Recent strong US economic growth and company earnings powered the stock market in 3Q.  But this rally comes at a cost with US stocks being increasingly expensive compared to other major indexes around the world; valuations and recent performance are stretched.  US stocks trade at a 12% premium to foreign (22 developed markets and 24 emerging markets).  That’s the biggest gap since 2009, and makes it hard to imagine that the divergence in valuation is sustainable.  Nearly 50% of investors believe the divergence in the global economy will end with US growth decelerating.  Another 28% think the divergence will end because growth in Europe and Asia will accelerate.  The US is basically leading the world in growth (economic and company earnings), while other areas of the world look more attractively priced.  But, what if….?

Here in the US, the economic outlook is polarized by opposing views.  One camp offers – economic growth is reaching its zenith after a slow grinding 9+ year expansion via zero-rate interest policy.  The peak in economic growth (and thereby peak in company earnings and stock prices) is at hand as the Fed pushes forward to normalize interest rates; because the yield curve is flattening (may invert); and trade tensions escalate.  These factors can collude to pull the stock market lower (the last jet engine fails).  Across the divide, to the opposing view – economic growth is on firm footing, consumer confidence is at fresh highs, corporate profits are strong and will continue because of tax cuts/reform, repatriation of foreign earnings, and other fiscal spending stimulus.  This backdrop would advocate a continued lift of stocks and portfolio values.  So, which is it?

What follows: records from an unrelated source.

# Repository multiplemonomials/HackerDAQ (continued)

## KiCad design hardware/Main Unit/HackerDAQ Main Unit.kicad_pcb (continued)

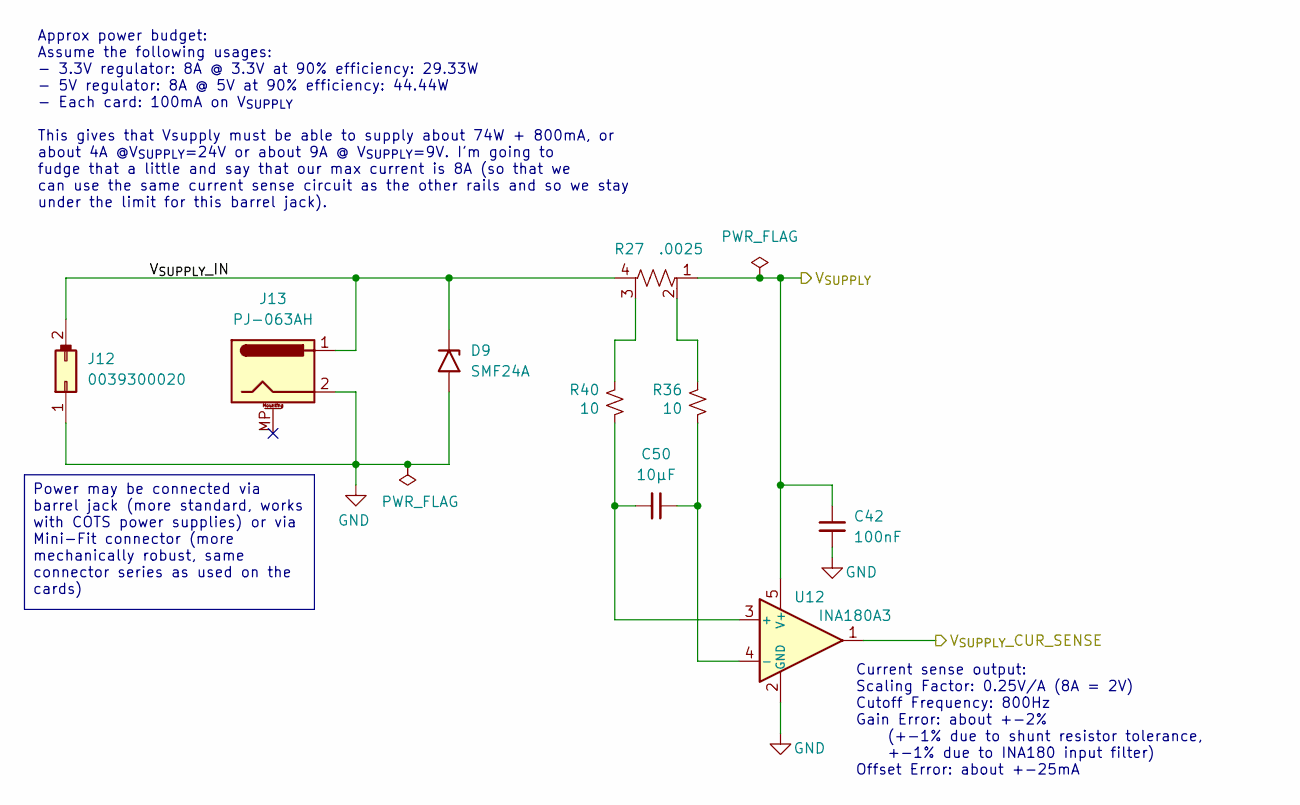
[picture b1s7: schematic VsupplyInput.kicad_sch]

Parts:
C42: 100nF; C_0603_1608Metric
C50: 10µF; C_1206_3216Metric
D9: SMF24A; D_SMF
J12: 0039300020; Molex_Mini-Fit_Jr_5569-02A2_2x01_P4.20mm_Horizontal
J13: PJ-063AH; BarrelJack_CUI_PJ-063AH_Horizontal
R27: .0025; D1FCP0612
R36, R40: 10; R_0603_1608Metric
U12: INA180A3; SOT-23-5

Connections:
/V_{SUPPLY} Input/V_{SUPPLY}_IN: D9.1 (A1), J12.2, J13.1, R27.4
/V_{SUPPLY}_CUR_SENSE: U12.1; also elsewhere on the board
unnamed: R27.2, R36.1
unnamed: R27.3, R40.1
unnamed: C50.2, R40.2, U12.3 (+)
unnamed: C50.1, R36.2, U12.4 (-)
V_{SUPPLY}: C42.1, R27.1, U12.5 (V+); also elsewhere on the board

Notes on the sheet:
Current sense output: Scaling Factor: 0.25V/A (8A = 2V) Cutoff Frequency: 800Hz Gain Error: about +-2% (+-1% due to shunt resistor tolerance, +-1% due to INA180 input filter) Offset Error: about +-25mA
Approx power budget: Assume the following usages: - 3.3V regulator: 8A @ 3.3V at 90% efficiency: 29.33W - 5V regulator: 8A @ 5V at 90% efficiency: 44.44W - Each card: 100mA on V_{SUPPLY} This gives that Vsupply must be able to supply about 74W + 800mA, or about 4A @V_{SUPPLY}=24V or about 9A @ V_{S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
Power may be connected via barrel jack (more standard, works with COTS power supplies) or via Mini-Fit connector (more mechanically robust, same connector series as used on the cards)

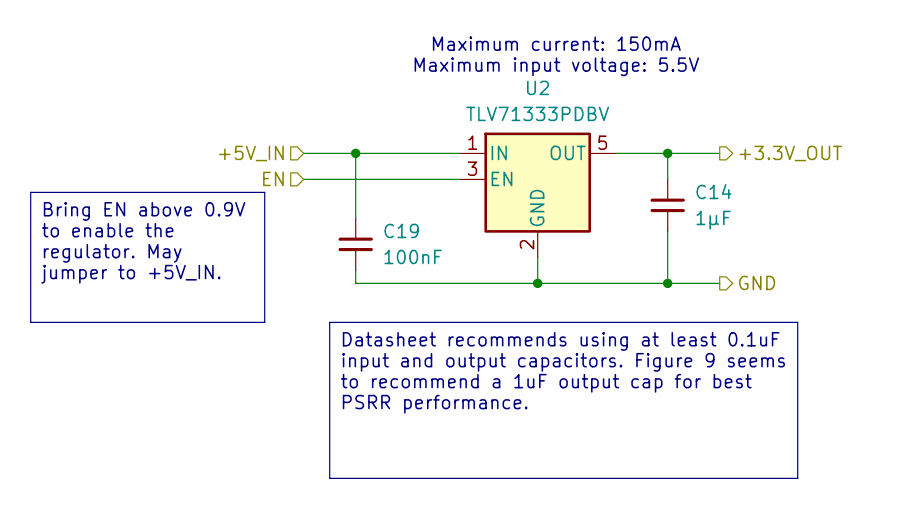
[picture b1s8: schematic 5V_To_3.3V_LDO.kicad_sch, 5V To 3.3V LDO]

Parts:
C14: 1µF; C_0603_1608Metric
C19: 100nF; C_0603_1608Metric
U2: TLV71333PDBV; SOT-23-5

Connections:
/~MCU_RST: U2.3 (EN); also elsewhere on the board

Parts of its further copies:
C3: 1µF; C_0603_1608Metric
C4: 100nF; C_0603_1608Metric

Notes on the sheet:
Maximum current: 150mA Maximum input voltage: 5.5V
Bring EN above 0.9V to enable the regulator. May jumper to +5V_IN.
Datasheet recommends using at least 0.1uF input and output capacitors. Figure 9 seems to recommend a 1uF output cap for best PSRR performance.

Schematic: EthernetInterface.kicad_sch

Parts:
C28, C35: 22µF; C_1210_3225Metric
C29, C31, C34, C44, C45: 100nF; C_0603_1608Metric
C33: 2.2µF; C_1206_3216Metric
D6: ESDS304; SOT-23-5
FB1, FB2: 300@100MHz; R_1206_3216Metric
J11: HFJ11-2450E-L21RL; RJ45_HALO_HFJ11-x2450E-LxxRL_Horizontal-Fixed3DModel
R14, R18: 10k; R_0603_1608Metric
R16, R17, R19, R20: 33; R_0603_1608Metric
R22: 6.49k; R_0603_1608Metric
R52, R53: 270; R_0603_1608Metric
R54: 4.7k; R_0603_1608Metric
U7: KSZ8081RND; QFN-24-1EP_4x4mm_P0.5mm_EP2.6x2.6mm

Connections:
/ETH_RMII.CRS_DV: R17.1, R18.2; also elsewhere on the board
/ETH_RMII.MDC: U7.11 (MDC); also elsewhere on the board
/ETH_RMII.MDIO: U7.10 (MDIO); also elsewhere on the board
/ETH_RMII.RMII_CLK: U7.8 (XI); also elsewhere on the board
/ETH_RMII.RXD0: R19.1; also elsewhere on the board
/ETH_RMII.RXD1: R20.1; also elsewhere on the board
/ETH_RMII.RX_ER: R14.2, R16.1; also elsewhere on the board
/ETH_RMII.TXD0: U7.20 (TXD0); also elsewhere on the board
/ETH_RMII.TXD1: U7.21 (TXD1); also elsewhere on the board
/ETH_RMII.TX_EN: U7.19 (TXEN); also elsewhere on the board
/EthernetInterface/ETH_MDI_RD+: D6.4 (K), J11.3 (RD+), U7.4 (RXP)
/EthernetInterface/ETH_MDI_RD-: D6.5 (K), J11.6 (RD-), U7.3 (RXM)
/EthernetInterface/ETH_MDI_TD+: D6.1 (K), J11.1 (TD+), U7.6 (TXP)
/EthernetInterface/ETH_MDI_TD-: D6.3 (K), J11.2 (TD-), U7.5 (TXM)
/EthernetInterface/KSZ_VDD1.2: C31.1, C33.1, U7.1 (VDD_1.2)
/EthernetInterface/~LED_GREEN: J11.12, R54.1, U7.23 (LED0/ANEN_SPEED)
/~ETH_SPEED_LED: J11.10; also elsewhere on the board
/~MCU_RST: U7.24 (~RST); also elsewhere on the board
unnamed: FB2.1, J11.8, J11.SH
unnamed: J11.9, R52.1
unnamed: J11.11, R53.1
unnamed: C45.1, J11.5 (RCT)
unnamed: C44.1, J11.4 (TCT)
unnamed: R17.2, U7.15 (CRS_DV/PHYAD[1:0])
unnamed: R22.2, U7.9 (REXT)
unnamed: R19.2, U7.13 (RXD0)
unnamed: R20.2, U7.12 (RXD1)
unnamed: R16.2, U7.17 (RXER)
unnamed: C34.1, C35.2, FB1.1, U7.2 (VDDA_3.3)

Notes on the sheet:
Green LED
Yellow LED
LED spec is 2.1V forward voltage @ 10mA. However, the KSZ8081 maxes out at 8mA of LED drive, and the MCU is similar. So, we will shoot for 5mA and assume that the forward voltage will decrease to around 2.0V
Per datasheet, RX_ER should be pulled low for correct operation (I guess it's an undocumented strapping pin?)
Ferrite bead per KSZ8081 reference design
CRS_DV pulled down to low and REF_CLK set high sets the PHY address to 4
Unfortunately there is only one LED pin on this PHY (it defaults to on for link up, flashing for activity). So, we will need to use the MCU to manually control the other (link speed) LED.
This part number of PHY is set up for MCUs like ours that can output a 50MHz clock. This clock is input to the PHY on the XI pin and is used both for the Ethernet signal generation and for the RMII interface. Look ma, no dedicated Ethernet crystal needed!

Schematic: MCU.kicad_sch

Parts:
C5, C7, C8, C10, C16, C17, C18, C19, C20, C21, C23, C26, C27, C36: 100nF; C_0603_1608Metric
C6: 2.2µF; C_1206_3216Metric
C9, C15, C24: 1µF; C_0603_1608Metric
C11: 220nF; C_0603_1608Metric
C13, C14: 10µF; C_1206_3216Metric
D1: AA3528QBS; AA3528
D2: AA3528SURSK; AA3528
D3: ASMB-MTB0-0B3A2; LED_Avago_PLCC4_3.2x2.8mm_CW
D4, D5: BAT54W; SOT-323_SC-70
J1: 3221-10-0300-00
J10: 1x8; PinSocket_1x08_P2.54mm_Vertical
J15: USB4105-GF-A; USB_C_Receptacle_GCT_USB4105-xx-A_16P_TopMnt_Horizontal-Ext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
L1: 1.5µH; L_1210_3225Metric
R1, R4, R7: 30; R_0603_1608Metric
R2, R3: 140; R_0603_1608Metric
R5, R6, R8, R23: 10k; R_0603_1608Metric
R9, R15: 2.2k; R_0603_1608Metric
R43, R44: 5.1k; R_0603_1608Metric
SW1, SW2: MJTP1243; SW_PUSH_1P1T_6x3.5mm_H4.3_APEM_MJTP1243
TP2: VCORE; TestPoint_THTPad_D2.5mm_Drill1.2mm
U5: MCXN547VKLT; LQFP-100-1EP_14x14mm_P0.5mm_EP6.9x6.9mm_Fixed3DModel
U13: USBLC6-2SC6; SOT-23-6
X1: 24.0000MHz; Oscillator_SMD_ECS_2520MV-xxx-xx-4Pin_2.5x2.0mm

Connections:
/+3.3V_CUR_SENSE: U5.22 (P4_0); also elsewhere on the board
/CARD_BUS_0_SPI.CARD_SEL: U5.15 (P2_1); also elsewhere on the board
/CARD_BUS_0_SPI.MISO: U5.19 (P2_5); also elsewhere on the board
/CARD_BUS_0_SPI.MOSI: U5.18 (P2_4); also elsewhere on the board
/CARD_BUS_0_SPI.SCLK: U5.17 (P2_3); also elsewhere on the board
/CARD_BUS_0_SPI.~CS0: U5.16 (P2_2); also elsewhere on the board
/CARD_BUS_0_SPI.~CS1: U5.14 (P2_0); also elsewhere on the board
/CARD_BUS_0_SPI.~CS2: U5.21 (P2_7); also elsewhere on the board
/CARD_BUS_0_SPI.~DRDY: U5.20 (P2_6); also elsewhere on the board
/CARD_BUS_1_SPI.CARD_SEL: U5.91 (P0_23); also elsewhere on the board
/CARD_BUS_1_SPI.MISO: U5.3 (P1_10); also elsewhere on the board
/CARD_BUS_1_SPI.MOSI: U5.1 (P1_8); also elsewhere on the board
/CARD_BUS_1_SPI.SCLK: U5.2 (P1_9); also elsewhere on the board
/CARD_BUS_1_SPI.~CS0: U5.4 (P1_11); also elsewhere on the board
/CARD_BUS_1_SPI.~CS1: U5.90 (P0_22); also elsewhere on the board
/CARD_BUS_1_SPI.~CS2: U5.92 (P1_0); also elsewhere on the board
/CARD_BUS_1_SPI.~DRDY: U5.93 (P1_1); also elsewhere on the board
/CARD_BUS_2_SPI.CARD_SEL: U5.64 (P3_13); also elsewhere on the board
/CARD_BUS_2_SPI.MISO: U5.61 (P3_16); also elsewhere on the board
/CARD_BUS_2_SPI.MOSI: U5.63 (P3_14); also elsewhere on the board
/CARD_BUS_2_SPI.SCLK: U5.62 (P3_15); also elsewhere on the board
/CARD_BUS_2_SPI.~CS0: U5.60 (P3_17); also elsewhere on the board
/CARD_BUS_2_SPI.~CS1: U5.57 (P3_20); also elsewhere on the board
/CARD_BUS_2_SPI.~CS2: U5.56 (P3_21); also elsewhere on the board
/CARD_BUS_2_SPI.~DRDY: U5.75 (P3_0); also elsewhere on the board
/CARD_BUS_3_SPI.CARD_SEL: U5.50 (P5_2); also elsewhere on the board
/CARD_BUS_3_SPI.MISO: U5.69 (P3_9); also elsewhere on the board
/CARD_BUS_3_SPI.MOSI: U5.70 (P3_8); also elsewhere on the board
/CARD_BUS_3_SPI.SCLK: U5.71 (P3_7); also elsewhere on the board
/CARD_BUS_3_SPI.~CS0: U5.65 (P3_12); also elsewhere on the board
/CARD_BUS_3_SPI.~CS1: U5.78 (P0_2); also elsewhere on the board
/CARD_BUS_3_SPI.~CS2: U5.79 (P0_3); also elsewhere on the board
/CARD_BUS_3_SPI.~DRDY: U5.51 (P5_3); also elsewhere on the board
/Card Bus Connectors0/~RESET: U5.27 (P4_5); also elsewhere on the board
/Card Bus Connectors0/~SYNC: U5.28 (P4_6); also elsewhere on the board
/DBG_UART.MCU_RX: U5.35 (P4_12); also elsewhere on the board
/DBG_UART.MCU_TX: U5.36 (P4_13); also elsewhere on the board
/ETH_RMII.CRS_DV: U5.6 (P1_13); also elsewhere on the board
/ETH_RMII.MDC: U5.94 (P1_2); also elsewhere on the board
/ETH_RMII.MDIO: R15.2, U5.95 (P1_3); also elsewhere on the board
/ETH_RMII.RMII_CLK: U5.97 (P1_4); also elsewhere on the board
/ETH_RMII.RXD0: U5.7 (P1_14); also elsewhere on the board
/ETH_RMII.RXD1: U5.8 (P1_15); also elsewhere on the board
/ETH_RMII.RX_ER: U5.5 (P1_12); also elsewhere on the board
/ETH_RMII.TXD0: U5.99 (P1_6); also elsewhere on the board
/ETH_RMII.TXD1: U5.100 (P1_7); also elsewhere on the board
/ETH_RMII.TX_EN: U5.98 (P1_5); also elsewhere on the board
/MCU/+5V_CUR_SENSE: U5.23 (P4_1); also elsewhere on the board
/MCU/CLK_24MHZ: U5.10 (EXTAL48M/P1_31), X1.3 (OUT)
/MCU/ERROR_LED: R2.2, U5.26 (P4_4)
/MCU/MCU_P0_4: J10.1, U5.80 (P0_4)
/MCU/MCU_P0_5: J10.2, U5.81 (P0_5)
/MCU/MCU_P0_16: J10.3, U5.84 (P0_16)
/MCU/MCU_P0_17: J10.4, U5.85 (P0_17)
/MCU/MCU_P0_18: J10.5, U5.86 (P0_18)
/MCU/MCU_P0_19: J10.6, U5.87 (P0_19)
/MCU/MCU_P0_20: J10.7, U5.88 (P0_20)
/MCU/MCU_P0_21: J10.8, U5.89 (P0_21)
/MCU/PREFILT_USBMCU_D+: J15.A6 (D+), J15.B6 (D+), U13.3 (I/O2)
/MCU/PREFILT_USBMCU_D-: J15.A7 (D-), J15.B7 (D-), U13.1 (I/O1)
/MCU/RGB_LED_~B: R7.2, U5.39 (P4_17)
/MCU/RGB_LED_~G: R4.2, U5.38 (P4_16)
/MCU/RGB_LED_~R: R3.2, U5.37 (P4_15)
/MCU/STATUS_LED: R1.1, U5.25 (P4_3)
/MCU/SWCLK: J1.4, R5.2, U5.77 (SWCLK/P0_1/TCLK)
/MCU/SWDIO: J1.2, R6.1, U5.76 (SWDIO/P0_0/TMS)
/MCU/USBMCU_D+: U5.40 (USB1_DP), U13.4 (I/O2)
/MCU/USBMCU_D-: U5.41 (USB1_DM), U13.6 (I/O1)
/MCU/USBMCU_VBUS: J15.A4 (VBUS), J15.A9 (VBUS), J15.B4 (VBUS), J15.B9 (VBUS), U5.42 (USB1_VBUS), U13.5 (VBUS)
/MCU/VCORE: C13.2, C16.1, C20.1, L1.2, TP2.1 (1_1), U5.12 (VDD_CORE), U5.58 (VDD_CORE)
/MCU/VDD_SYS: C6.1, U5.55 (VDD_SYS)
/MCU/~ISPMODE: C36.1, D5.1 (A), R23.1, SW2.2, U5.82 (ISPMODE_N/P0_6)
/V_{SUPPLY}_CUR_SENSE: U5.24 (P4_2); also elsewhere on the board
/uSD_SPI.MISO: U5.68 (P3_10); also elsewhere on the board
/uSD_SPI.MOSI: U5.74 (P3_1); also elsewhere on the board
/uSD_SPI.SCLK: U5.72 (P3_6); also elsewhere on the board
/uSD_SPI.~CS: U5.67 (P3_11); also elsewhere on the board
/~ETH_SPEED_LED: U5.48 (P5_0); also elsewhere on the board
/~MCU_RST: C5.1, D4.1 (A), J1.10, R8.1, R9.1, SW1.2; also elsewhere on the board
/~SD_CARD_EN: U5.49 (P5_1); also elsewhere on the board
unnamed: D1.2 (A), R1.2
unnamed: D2.2 (A), R2.1
unnamed: D3.2 (BK), R7.1
unnamed: D3.3 (GK), R4.1
unnamed: D3.4 (RK), R3.1
unnamed: J15.A5 (CC1), R43.2
unnamed: J15.B5 (CC2), R44.2
unnamed: L1.1, U5.53 (DCDC_LX)
unnamed: C11.1, U5.29 (P4_7/VREFI/VREFO)
unnamed: R9.2, U5.9 (RESET_B)

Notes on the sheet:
RTCK
GNDDetect
TMS/SWDIO
VTREF
~RST
Route per hardware design guide:
Expansion Header
GND
TDI
TDO/SWO
TCLK/SWCLK
Reset circuit. Can be pulled low from the pushbutton or the JTAG connector. Also pulled low at startup by the MCU during its power-on reset. The diode exists to discharge the capacitor when power is turned off.
Note: Decoupling per hardware design guide. Generally each group of pins gets one large capacitor, and each pin gets a smaller capacitor
Main CPU clock source. Yeah we could get away with using the internal oscillator to drive the CPU core, but it's not accurate enough for Ethernet so we'd still need a crystal oscillator. So why not plonk down a TCXO and enjoy +-5ppm accurate clocks for everything?
Using the remaining 5 free GPIOs for indicator LEDs
Per datasheet VDD_P4 and VDD_ANA must be powered by the same supply.
SWD debug connector. Not using JTAG as it's not worth the two extra pins for no additional benefit. Resistors on SWDIO and SWCLK are per hardware design guide recommendation.
This tricolor LED specifies V_{F} = 2.1V (red) and 3.1V (green and blue) @ 20mA. Making a ballpark assumption that the forward voltage decreases by 0.1V if we reduce the forward current to 10mA.
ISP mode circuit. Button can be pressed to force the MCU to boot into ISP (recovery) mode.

This confusion leads many investors to hide – avoid being too risky until uncertainty (economic and political) becomes more clear.  Please recall, tax reform boosted and will keep economic growth strong, providing above historical trend growth near 3%.  Domestic interest rates are rising, echoing that view (meaning Fed will further raise rates).  The risk of a global trade war appears receding, for now.  Just Sunday the US said “Goodbye NAFTA! Hello USMCA!” with the announcement of a modernized trade agreement between the US, Mexico, and Canada.  This change comes at a time when the US economy is booming.  And when the US does well, its two closest trading partners should also prosper.  At the same time, inflation is expected to remain managed and low; not accelerating too fast.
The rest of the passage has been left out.